Use when you can deploy the upstream fix. It is usually lower-risk than long-lived workarounds.
Fix reference: https://github.com/kludex/uvicorn/pull/1077
First fixed release: 0.15.0
Last verified: 2026-02-09. Validate in your environment.
When NOT to Use This Fix
- This fix is not applicable if you require non-zero exit codes for other error handling.
Verify Fix
Re-run the minimal reproduction on your broken version, then apply the fix and re-run.
Did This Fix Work in Your Case?
Quick signal helps us prioritize which fixes to verify and improve.
Prevention
- Add a TLS smoke test that performs a real handshake in CI (include CA bundle validation and hostname checks).

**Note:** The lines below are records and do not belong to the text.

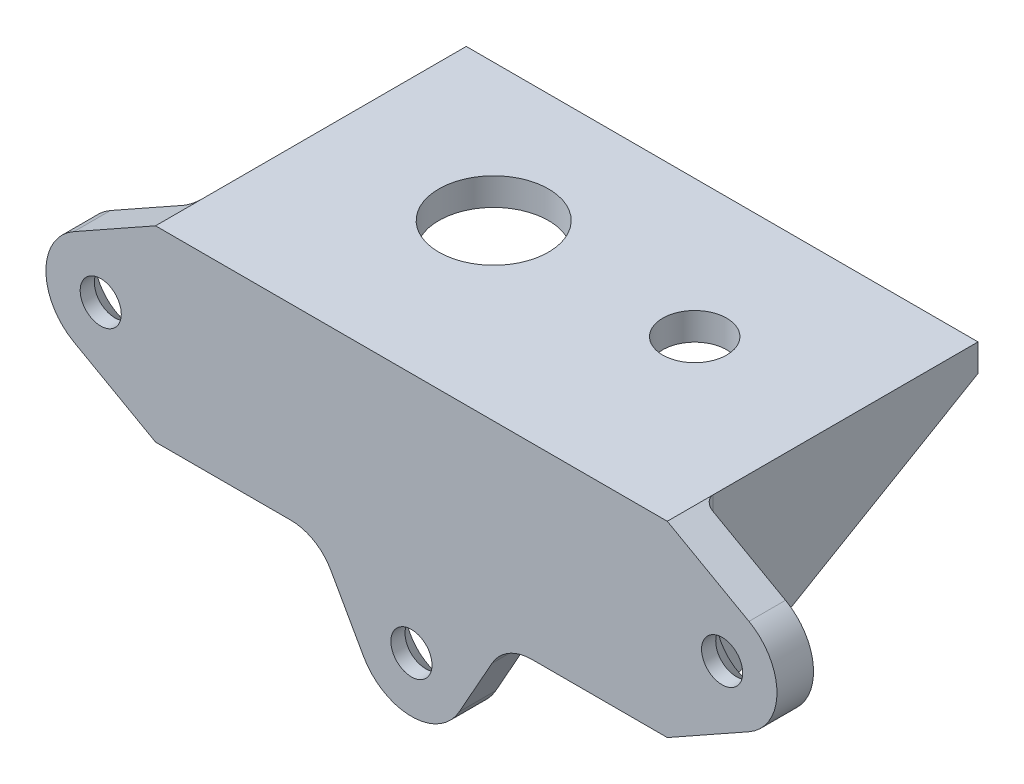
from build123d import *

# Parameters (mm, degrees)
SKETCH1_W                                       = 50
SKETCH1_H                                       = 30
SKETCH1_R                                       = 6
SKETCH1_R_2                                     = 3.5
BOSS_EXTRUDE1_DEPTH                             = 3
SKETCH2_W                                       = 50
SKETCH2_H                                       = 20.5
BOSS_EXTRUDE2_DEPTH                             = 4
BOSS_EXTRUDE3_DEPTH                             = 3
BOSS_EXTRUDE4_START                             = -50
BOSS_EXTRUDE4_DEPTH                             = 3
BOSS_EXTRUDE5_DEPTH                             = 4
CSK_FOR_M4_FLAT_HEAD_MACHINE_SCREW1_D           = 4.5
CSK_FOR_M4_FLAT_HEAD_MACHINE_SCREW1_DEPTH       = 10
CSK_FOR_M4_FLAT_HEAD_MACHINE_SCREW1_CSINK_D     = 9.4
CSK_FOR_M4_FLAT_HEAD_MACHINE_SCREW1_CSINK_ANGLE = 90
CSK_FOR_M4_FLAT_HEAD_MACHINE_SCREW1_TIP         = 1.351936393
FILLET1_R                                       = 5
FILLET2_R                                       = 1


with BuildPart() as part:
    # Sketch1 → Boss-Extrude1 (new body)
    with BuildSketch(Plane(origin=(0, 0, 0), x_dir=(1, 0, 0), z_dir=(0, 1, 0))):
        Rectangle(SKETCH1_W, SKETCH1_H)
        with Locations(Location((-10, 0, 0), (0, 0, 270))):
            Circle(SKETCH1_R, mode=Mode.SUBTRACT)
        with Locations(Location((12, 0, 0), (0, 0, 270))):
            Circle(SKETCH1_R_2, mode=Mode.SUBTRACT)
    extrude(amount=BOSS_EXTRUDE1_DEPTH)

    # Sketch2 → Boss-Extrude2 (add)
    with BuildSketch(Plane.XY.offset(15)):
        with Locations((0, -7.25)):
            Rectangle(SKETCH2_W, SKETCH2_H)
    extrude(amount=BOSS_EXTRUDE2_DEPTH)

    # Sketch3 → Boss-Extrude3 (add)
    with BuildSketch(Plane.ZY.offset(25)):
        Polygon((-15, 3), (-15, 0), (15, -17.5), (19, -17.5), (19, 3), align=None)
    extrude(amount=BOSS_EXTRUDE3_DEPTH)

    # Sketch3<2> → Boss-Extrude4 (add)
    with BuildSketch(Plane.ZY.offset(25).offset(BOSS_EXTRUDE4_START)):
        Polygon((-15, 3), (-15, 0), (15, -17.5), (19, -17.5), (19, 3), align=None)
    extrude(amount=-BOSS_EXTRUDE4_DEPTH)

    # Sketch5 → Boss-Extrude5 (add)
    with BuildSketch(Plane.XY.offset(19)):
        with BuildLine():
            Line((-28, 3), (-36.937527692, -2.018276473))
            ThreePointArc((-36.937527692, -2.018276473), (-40, -7.25), (-36.937527692, -12.481723527))
            Line((-36.937527692, -12.481723527), (-28, -17.5))
            Line((-28, -17.5), (-28, 3))
        make_face()
        with BuildLine():
            Line((28, 3), (36.937527692, -2.018276473))
            ThreePointArc((36.937527692, -2.018276473), (40, -7.25), (36.937527692, -12.481723527))
            Line((36.937527692, -12.481723527), (28, -17.5))
            Line((28, -17.5), (28, 3))
        make_face()
        with BuildLine():
            Line((10.25, -17.5), (-10.25, -17.5))
            Line((-10.25, -17.5), (-5.231723527, -26.437527692))
            ThreePointArc((-5.231723527, -26.437527692), (0, -29.5), (5.231723527, -26.437527692))
            Line((5.231723527, -26.437527692), (10.25, -17.5))
        make_face()
    extrude(amount=-BOSS_EXTRUDE5_DEPTH)

    # CSK for M4 Flat Head Machine Screw1
    with Locations(Plane(origin=(0, 0, 15), x_dir=(-1, 0, 0), z_dir=(0, 0, -1))):
        with Locations((-34, -7.25), (34, -7.25), (0, -23.5)):
            CounterSinkHole(CSK_FOR_M4_FLAT_HEAD_MACHINE_SCREW1_D / 2, CSK_FOR_M4_FLAT_HEAD_MACHINE_SCREW1_CSINK_D / 2, depth=CSK_FOR_M4_FLAT_HEAD_MACHINE_SCREW1_DEPTH, counter_sink_angle=CSK_FOR_M4_FLAT_HEAD_MACHINE_SCREW1_CSINK_ANGLE)
            with Locations((0, 0, -(CSK_FOR_M4_FLAT_HEAD_MACHINE_SCREW1_DEPTH + CSK_FOR_M4_FLAT_HEAD_MACHINE_SCREW1_TIP / 2))):  # 118° drill point
                Cone(0, CSK_FOR_M4_FLAT_HEAD_MACHINE_SCREW1_D / 2, CSK_FOR_M4_FLAT_HEAD_MACHINE_SCREW1_TIP, mode=Mode.SUBTRACT)

    # Fillet1
    fillet1_edges = [part.edges().sort_by_distance(p)[0] for p in [
        (-10.25, -17.5, 17),
        (10.25, -17.5, 17),
    ]]
    fillet(fillet1_edges, radius=FILLET1_R)

    # Fillet2
    # the kernel refuses this fillet: 1 mm, written as the material it adds along each edge
    with BuildSketch(Plane(origin=(-24, -1, 14), x_dir=(0, 1, 0), z_dir=(0, 0, 1))) as fillet2_piece_1_section:
        Polygon((0, 0), (FILLET2_R, 0), (FILLET2_R, FILLET2_R), (0, FILLET2_R), align=None)
    fillet2_piece_1 = extrude(amount=FILLET2_R, mode=Mode.PRIVATE)
    fillet2_piece_1 = fillet2_piece_1 - Plane(origin=(-24, -1, 14), x_dir=(0.7071067811865475, -0.7071067811865475, 0), z_dir=(0, 0, 1)) * Sphere(FILLET2_R, mode=Mode.PRIVATE)
    add(fillet2_piece_1)
    with BuildSketch(Plane(origin=(24, -1, 14), x_dir=(1, 0, 0), z_dir=(0, 0, 1))) as fillet2_piece_2_section:
        Polygon((0, 0), (FILLET2_R, 0), (FILLET2_R, FILLET2_R), (0, FILLET2_R), align=None)
    fillet2_piece_2 = extrude(amount=FILLET2_R, mode=Mode.PRIVATE)
    fillet2_piece_2 = fillet2_piece_2 - Plane(origin=(24, -1, 14), x_dir=(-0.7071067811865475, -0.7071067811865475, 0), z_dir=(0, 0, 1)) * Sphere(FILLET2_R, mode=Mode.PRIVATE)
    add(fillet2_piece_2)
    with BuildSketch(Plane(origin=(-25, -17.5, 15), x_dir=(1, 0, 0), z_dir=(0, 1, 0))) as fillet2_piece_3_section:
        with BuildLine():
            CenterArc((FILLET2_R, FILLET2_R), FILLET2_R, 180, 90)
            Line((0, FILLET2_R), (0, 0))
            Line((0, 0), (FILLET2_R, 0))
        make_face()
    fillet2_piece_3 = extrude(amount=16.5, mode=Mode.PRIVATE)
    fillet2_piece_3 = split(fillet2_piece_3, bisect_by=Plane(origin=(-24.77263385, -15.290921561, 11.213008391), z_dir=(0, 0.8637789008984336, 0.5038710255240861)), keep=Keep.TOP, mode=Mode.PRIVATE)
    add(fillet2_piece_3)
    with BuildSketch(Plane(origin=(25, -1, 15), x_dir=(-1, 0, 0), z_dir=(0, -1, 0))) as fillet2_piece_4_section:
        with BuildLine():
            CenterArc((FILLET2_R, FILLET2_R), FILLET2_R, 180, 90)
            Line((0, FILLET2_R), (0, 0))
            Line((0, 0), (FILLET2_R, 0))
        make_face()
    fillet2_piece_4 = extrude(amount=16.5, mode=Mode.PRIVATE)
    fillet2_piece_4 = split(fillet2_piece_4, bisect_by=Plane(origin=(24.77263385, -15.290921561, 11.213008391), z_dir=(0, 0.8637789008984336, 0.5038710255240861)), keep=Keep.TOP, mode=Mode.PRIVATE)
    add(fillet2_piece_4)
    with BuildSketch(Plane(origin=(24, 0, 15), x_dir=(0, -1, 0), z_dir=(-1, 0, 0))) as fillet2_piece_5:
        with BuildLine():
            CenterArc((FILLET2_R, -FILLET2_R), FILLET2_R, 90, 90)
            Line((0, -FILLET2_R), (0, 0))
            Line((0, 0), (FILLET2_R, 0))
        make_face()
    extrude(amount=48)
    with BuildSketch(Plane(origin=(-25, 0, 14), x_dir=(1, 0, 0), z_dir=(0, 0, -1))) as fillet2_piece_6_section:
        with BuildLine():
            CenterArc((FILLET2_R, FILLET2_R), FILLET2_R, 180, 90)
            Line((0, FILLET2_R), (0, 0))
            Line((0, 0), (FILLET2_R, 0))
        make_face()
    fillet2_piece_6 = extrude(amount=29, mode=Mode.PRIVATE)
    fillet2_piece_6 = split(fillet2_piece_6, bisect_by=Plane(origin=(-24.77197237, -6.451381469, -3.94048891), z_dir=(0, 0.8637789008984336, 0.5038710255240861)), keep=Keep.TOP, mode=Mode.PRIVATE)
    add(fillet2_piece_6)
    with BuildSketch(Plane(origin=(25, 0, -15), x_dir=(0, -1, 0), z_dir=(0, 0, 1))) as fillet2_piece_7_section:
        with BuildLine():
            CenterArc((FILLET2_R, -FILLET2_R), FILLET2_R, 90, 90)
            Line((0, -FILLET2_R), (0, 0))
            Line((0, 0), (FILLET2_R, 0))
        make_face()
    fillet2_piece_7 = extrude(amount=29, mode=Mode.PRIVATE)
    fillet2_piece_7 = split(fillet2_piece_7, bisect_by=Plane(origin=(24.77197237, -6.451381469, -3.94048891), z_dir=(0, 0.8637789008984336, 0.5038710255240861)), keep=Keep.TOP, mode=Mode.PRIVATE)
    add(fillet2_piece_7)
    with BuildSketch(Plane(origin=(-28, -20, 15), x_dir=(0, 0, -1), z_dir=(0, 1, 0))) as fillet2_piece_8_section:
        with BuildLine():
            CenterArc((FILLET2_R, FILLET2_R), FILLET2_R, 180, 90)
            Line((0, FILLET2_R), (0, 0))
            Line((0, 0), (FILLET2_R, 0))
        make_face()
    fillet2_piece_8 = extrude(amount=23, mode=Mode.PRIVATE)
    fillet2_piece_8 = split(fillet2_piece_8, bisect_by=Plane(origin=(-28.224621948, -14.787732132, 10.350397941), z_dir=(0, 0.8637789008984336, 0.5038710255240861)), keep=Keep.TOP, mode=Mode.PRIVATE)
    fillet2_piece_8 = split(fillet2_piece_8, bisect_by=Plane(origin=(-32.565520465, -14.936534495, 14.773416923), z_dir=(0.48958794860434196, 0.8719539211342491, 0)), keep=Keep.TOP, mode=Mode.PRIVATE)
    fillet2_piece_8 = split(fillet2_piece_8, bisect_by=Plane(origin=(-32.527453001, 0.457908757, 14.773416923), z_dir=(0.48958794860434235, -0.8719539211342491, 0)), keep=Keep.TOP, mode=Mode.PRIVATE)
    add(fillet2_piece_8)
    with BuildSketch(Plane(origin=(28, -20, 15), x_dir=(1, 0, 0), z_dir=(0, 1, 0))) as fillet2_piece_9_section:
        with BuildLine():
            CenterArc((FILLET2_R, FILLET2_R), FILLET2_R, 180, 90)
            Line((0, FILLET2_R), (0, 0))
            Line((0, 0), (FILLET2_R, 0))
        make_face()
    fillet2_piece_9 = extrude(amount=23, mode=Mode.PRIVATE)
    fillet2_piece_9 = split(fillet2_piece_9, bisect_by=Plane(origin=(32.565520464, -14.936534495, 14.773416923), z_dir=(-0.48958794860434196, 0.8719539211342491, 0)), keep=Keep.TOP, mode=Mode.PRIVATE)
    fillet2_piece_9 = split(fillet2_piece_9, bisect_by=Plane(origin=(28.224621948, -14.787732132, 10.350397941), z_dir=(0, 0.8637789008984336, 0.5038710255240861)), keep=Keep.TOP, mode=Mode.PRIVATE)
    fillet2_piece_9 = split(fillet2_piece_9, bisect_by=Plane(origin=(32.527453001, 0.457908757, 14.773416923), z_dir=(-0.48958794860434235, -0.8719539211342491, 0)), keep=Keep.TOP, mode=Mode.PRIVATE)
    add(fillet2_piece_9)


solid = part.part

- Alert on handshake failures by error string and endpoint to catch cert/CA changes quickly.
- Make timeouts explicit and test them (unit + integration) to avoid silent behavior changes.
- Instrument retries (attempt count + reason) and alert on spikes to catch dependency slowdowns.
Version Compatibility Table
| Version | Status |
|---|---|
| 0.15.0 | Fixed |
Related Issues
No related fixes found.
Sources
We don’t republish the full GitHub discussion text. Use the links above for context.